Revealing my 4 most recent Likes recieved, or for whichever blog is named, on a post with information about the Liker. The Post ID for this is “1” (my About page but may not be the same for you). Otherwise you will need a Post ID which can be obtained from the first link.
Further content is available, when logged in and/or for a developer who has a Blogger’s permission. (see Section 3).
2.1 What’s the problem.
This does provide further information such as numeric ID’s for Blog, Post, Author and Comment relating to yourself and your visitors and, it seems, slows normal access. Added to this, the design and function are generally considered as inferior to the previous User Interface.
2.2 A Greater Concern
One might consider this point a breach of security. Usually half the battle for a hacker is knowing one’s Log-in name/User name. With WordPress one’s Display name is often the same as one’s Log-in name/User name. However some have wisely hidden there User name behind a different Display name. The above Links publicly reveal any hidden Log-in/User name.
3. Full Access to Our Blogs
With a bloggers permission, a remote service provider (e.g. printing company) or developer may have a limited or complete access to your site using the Rest-Api system. That access relies upon a new cookie bundle “public-api.wordpress.com” on your browser. None of the new UI (Stats, Editor and Notifications) will work without it. However, unless you are adept at cookie management, I don’t recommend trying this. One can lose the ability to comment/like on other blogs if one cannot fully restore cookies.
The full range of Gets (view) and Puts (create/change), available with a Bloggers permission, can be found by clicking here ⇒. Full access can include Private and Password Protected.
Some Gets (as with the links above) are available to anyone.
A developer console here ⇒ provides extended access when logged in to one’s account or for a person who has the blogger’s permission. When using the developer console; to see the full return, click on the bottom left arrow of the brief return.
3.1 The Possible Problems
Access is acquired using OAuth2 authentication. That method has been entirely disavowed by the lead author, who has removed his name from all specifications. His main concerns seem to be that, whilst OAuth1 was a protocol, OAuth2 is a framework that includes many musts and must-nots and requires an unusually high level of expertise to make secure. To read his post click here ⇒. An extract below:-
“To be clear, OAuth 2.0 at the hand of a developer with deep understanding of web security will likely result is a secure implementation. However, at the hands of most developers – as has been the experience from the past two years – 2.0 is likely to produce insecure implementations.”
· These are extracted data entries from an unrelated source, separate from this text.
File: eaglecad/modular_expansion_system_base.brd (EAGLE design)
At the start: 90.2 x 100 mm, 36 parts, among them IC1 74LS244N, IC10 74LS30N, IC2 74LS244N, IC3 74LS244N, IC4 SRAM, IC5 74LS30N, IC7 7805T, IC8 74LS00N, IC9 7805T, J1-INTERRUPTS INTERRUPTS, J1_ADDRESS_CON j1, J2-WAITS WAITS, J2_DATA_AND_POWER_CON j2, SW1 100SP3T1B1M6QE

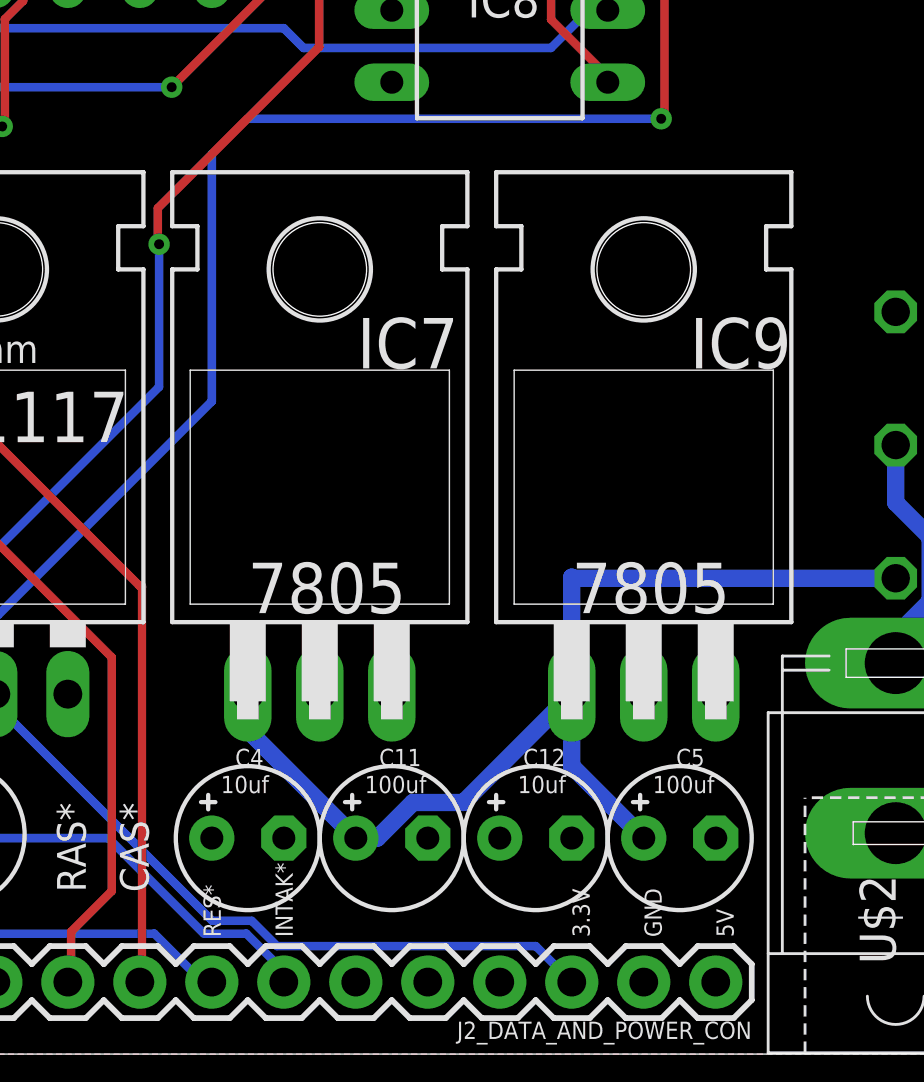
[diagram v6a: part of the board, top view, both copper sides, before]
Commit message: added inductor to grfx brd and removed extra 7805
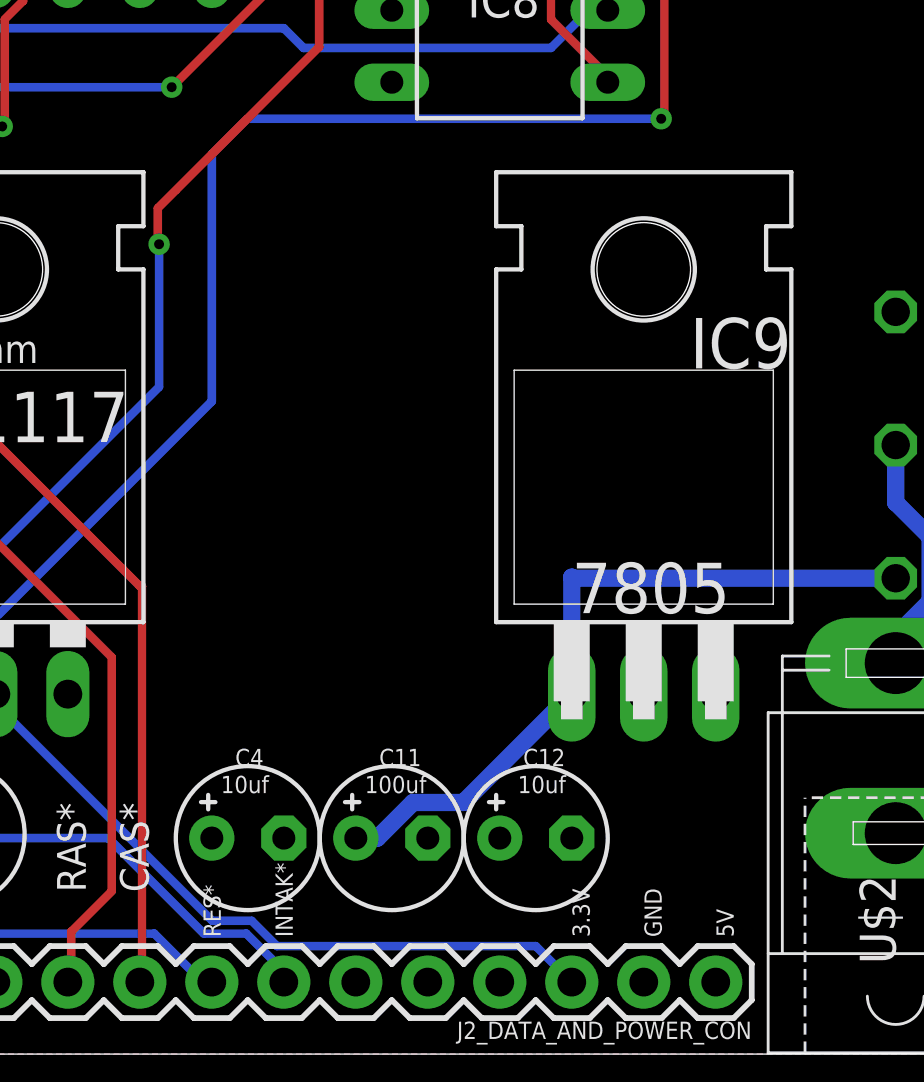
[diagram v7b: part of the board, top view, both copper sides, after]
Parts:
- removed C5: 100uf, rcl:E2,5-5
- removed IC7: 7805T, linear:TO220H
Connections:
- net GND: no longer C5.-, IC7.2
- net VCC: no longer IC7.3
- net VOLTAGE-IN: no longer C5.+, IC7.1
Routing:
- net VOLTAGE-IN: track 38.1 -> 25.3 mm
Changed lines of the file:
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@@
 <text x="60.6425" y="39.6875" size="1.778" layer="25" rot="R90">74LS00</text>
 <text x="23.495" y="26.035" size="1.778" layer="25" rot="R270">74LS244</text>
-<text x="50.8" y="15.5575" size="1.778" layer="25">7805</text>
 <text x="62.23" y="15.5575" size="1.778" layer="25">7805</text>
 <text x="67.31" y="64.4525" size="1.778" layer="25" rot="R90">74LS30</text>
 <text x="81.5975" y="64.135" size="1.778" layer="25" rot="R90">74LS30</text>
 <text x="79.6925" y="84.1375" size="1.778" layer="25" rot="R90">WAIT*</text>
-<text x="65.0875" y="9.2075" size="0.6096" layer="25">100uf</text>
 <text x="60.325" y="9.2075" size="0.6096" layer="25">10uf</text>
 <text x="54.9275" y="9.2075" size="0.6096" layer="25">100uf</text>
@@
 <attribute name="VALUE" x="14.605" y="1.778" size="0.6096" layer="27" font="vector" ratio="20" align="top-center"/>
 </element>
-<element name="IC7" library="linear" library_urn="urn:adsk.eagle:library:262" package="TO220H" package3d_urn="urn:adsk.eagle:package:16414/1" value="7805T" x="53.34" y="22.86" smashed="yes">
-<attribute name="NAME" x="58.2295" y="25.9715" size="1.778" layer="25" ratio="10" rot="R180"/>
-<attribute name="VALUE" x="56.261" y="18.161" size="1.778" layer="27" ratio="10" rot="R90"/>
-</element>
 <element name="SW1" library="TMS99" package="100SP3T1B1M6QE" value="100SP3T1B1M6QE" x="73.66" y="25.7175" smashed="yes" rot="R180"/>
 <element name="IC9" library="linear" library_urn="urn:adsk.eagle:library:262" package="TO220H" package3d_urn="urn:adsk.eagle:package:16414/1" value="7805T" x="64.77" y="22.86" smashed="yes">
 <attribute name="NAME" x="69.977" y="25.9715" size="1.778" layer="25" ratio="10" rot="R180"/>
 <attribute name="VALUE" x="68.326" y="18.161" size="1.778" layer="27" ratio="10" rot="R90"/>
-</element>
-<element name="C5" library="rcl" library_urn="urn:adsk.eagle:library:334" package="E2,5-5" package3d_urn="urn:adsk.eagle:package:23344/1" value="100uf" x="66.04" y="7.62" smashed="yes">
-<attribute name="NAME" x="65.913" y="10.16" size="0.6096" layer="25" ratio="10"/>
-<attribute name="SPICEPREFIX" value="C" x="66.04" y="7.62" size="1.778" layer="27" display="off"/>
-<attribute name="VALUE" x="63.6905" y="10.287" size="0.6096" layer="27" ratio="10"/>
 </element>
 <element name="C11" library="rcl" library_urn="urn:adsk.eagle:library:334" package="E2,5-5" package3d_urn="urn:adsk.eagle:package:23344/1" value="100uf" x="55.88" y="7.62" smashed="yes">
@@
 <contactref element="H2" pad="P1"/>
 <contactref element="H3" pad="P1"/>
-<contactref element="IC7" pad="2"/>
 <contactref element="IC9" pad="2"/>
-<contactref element="C5" pad="-"/>
 <contactref element="C11" pad="-"/>
 <contactref element="C12" pad="-"/>
@@
 <vertex x="90.17" y="100.33"/>
 </polygon>
-<contactref element="IC7" pad="3"/>
 <contactref element="IC9" pad="3"/>
 <contactref element="C12" pad="+"/>
@@
 </signal>
 <signal name="VOLTAGE-IN">
-<contactref element="IC7" pad="1"/>
 <contactref element="SW1" pad="P$3"/>
 <contactref element="IC9" pad="1"/>
-<contactref element="C5" pad="+"/>
 <contactref element="C11" pad="+"/>
-<wire x1="50.8" y1="12.7" x2="50.8" y2="11.43" width="0.6096" layer="16"/>
-<wire x1="50.8" y1="11.43" x2="54.61" y2="7.62" width="0.6096" layer="16"/>
 <wire x1="54.61" y1="7.62" x2="55.37190625" y2="7.62" width="0.6096" layer="16"/>
 <wire x1="58.4073" y1="8.8773" x2="62.23" y2="12.7" width="0.6096" layer="16"/>
 <wire x1="55.37190625" y1="7.62" x2="56.62920625" y2="8.8773" width="0.6096" layer="16"/>
 <wire x1="56.62920625" y1="8.8773" x2="58.4073" y2="8.8773" width="0.6096" layer="16"/>
-<wire x1="62.23" y1="12.7" x2="62.23" y2="10.16" width="0.6096" layer="16"/>
-<wire x1="62.23" y1="10.16" x2="64.77" y2="7.62" width="0.6096" layer="16"/>
 <wire x1="73.66" y1="16.7894" x2="62.2681" y2="16.7894" width="0.6096" layer="16"/>
 <wire x1="62.2681" y1="16.7894" x2="62.23" y2="16.8275" width="0.6096" layer="16"/>

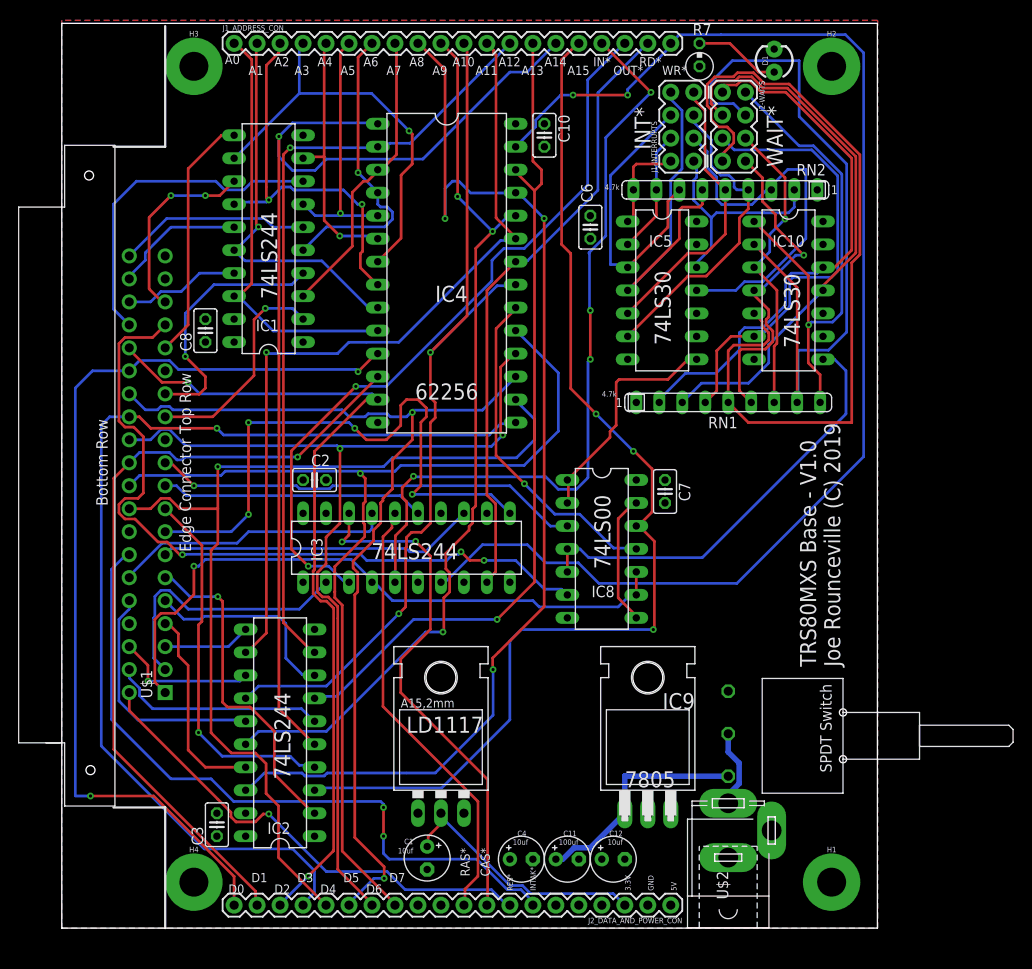
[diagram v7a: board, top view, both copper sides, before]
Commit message: added switching supply to base pcb
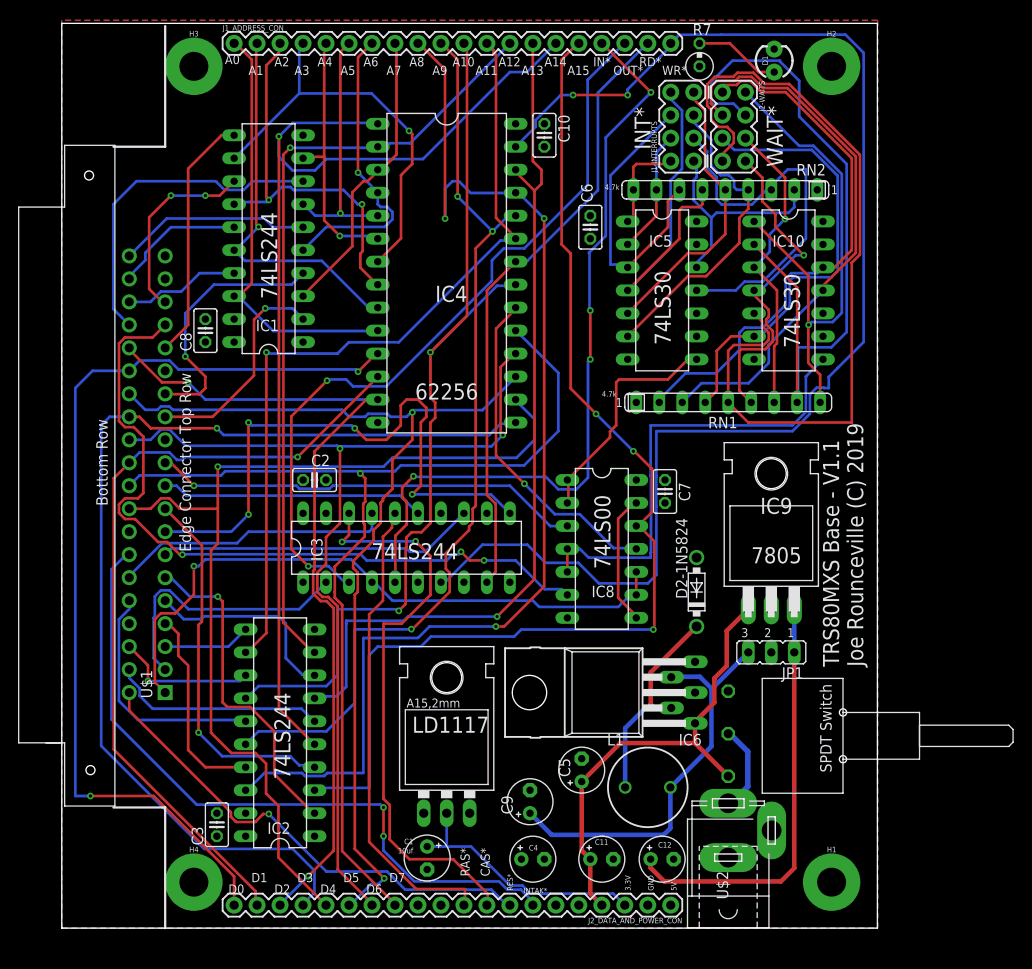
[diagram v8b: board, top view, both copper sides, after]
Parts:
- added C5: 680uf, rcl:E2,5-5
- added C9: 220uf, rcl:E2,5-5
- added D2-1N5824: 1N5818-T, diode:DO41-7.6
- added IC6: LM2596T-5.0, linear:TO220-52
- added JP1: 5V_SOURCE, jumper:JP2
- added L1: 33uh, rcl:6000-XXXX-RC
- moved IC9 26.4 mm to (78.4, 45.4)
- moved C12 5.40 mm to (66.4, 7.62)
- moved C11 3.81 mm to (59.7, 7.62)
- moved C4 1.27 mm to (52.1, 7.62)
- moved LD1117 0.64 mm to (42.5, 16.5)
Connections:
- net N$3 renamed 9V-IN
- removed net VOLTAGE-IN: C11.+, IC9.1, SW1.P$3
- new net 5V_FROM_LINEAR_REG: C12.+, IC9.3, JP1.1
- new net 5V_FROM_SWITCHER: C9.+, IC6.4, JP1.3, L1.2
- new net 9V-POST-SW: C11.+, C5.+, IC6.1, IC9.1, J2_DATA_AND_POWER_CON.4, SW1.P$3
- new net N$1: D2-1N5824.C, IC6.2, L1.1
- net GND: now also C5.-, C9.-, D2-1N5824.A, IC6.3, IC6.5
- net VCC: now also JP1.2; no longer C12.+, IC9.3
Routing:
- net 9V-POST-SW: track 0.00 -> 51.3 mm
- net 5V_FROM_LINEAR_REG: track 0.00 -> 46.7 mm
- net 5V_FROM_SWITCHER: track 0.00 -> 44.9 mm
- net N$1: track 0.00 -> 25.7 mm
- net VOLTAGE-IN: track 25.3 -> 0.00 mm
- net BUFFERED_CAS*: track 57.9 -> 63.5 mm
- net BUFFERED_A10: track 100.7 -> 105.0 mm
- net BUFFERED_A13: track 93.1 -> 97.2 mm
- net BUFFERED_WR*: track 146.1 -> 150.0 mm
- net BUFFERED_A8: track 125.3 -> 129.0 mm
- net BUFFERED_A15: track 122.2 -> 125.7 mm
- net BUFFERED_RAS*: track 48.8 -> 52.1 mm
- net WAIT: track 48.1 -> 51.2 mm
- net BUFFERED_OUT*: track 82.4 -> 85.3 mm
- net BUFFERED_A9: track 100.3 -> 102.9 mm
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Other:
- board text added: "TRS80MXS Base - V1.1 Joe Rounceville (C) 2019"
- board text removed: "100uf"
- board text removed: "TRS80MXS Base - V1.0 Joe Rounceville (C) 2019"

He also wrote “When compared with OAuth 1.0, the 2.0 specification is more complex, less interoperable, less useful, more incomplete, and most importantly, less secure”.
3.1.2 Business Worth
Being able to store images from a mobile phone/tablet, upload them to WordPress and then download them to a service provider might be of use to some. However, serious photographers and/or those creating company literature (e.g. pamphlets, brochures etc) are more likely to upload higher resolution images directly to a printing company.
Most of us, if approached by a developer who wants access to our site, would likely respond with disinterest.
E-commerce companies might want to make use of a developers services to compete. But, if they’ve got any sense they will use in-house services provided by people who have a deeper knowledge of their company’s business and dedicated to it.
3.1.3 Business Loss
I believe that the new User Interface has been so badly implemented as to deter users in the new enterprise.
Existing customers have suffered considerable and pointless nuisance.
It has been shown that it takes less effort to keep existing customers than acquire new ones.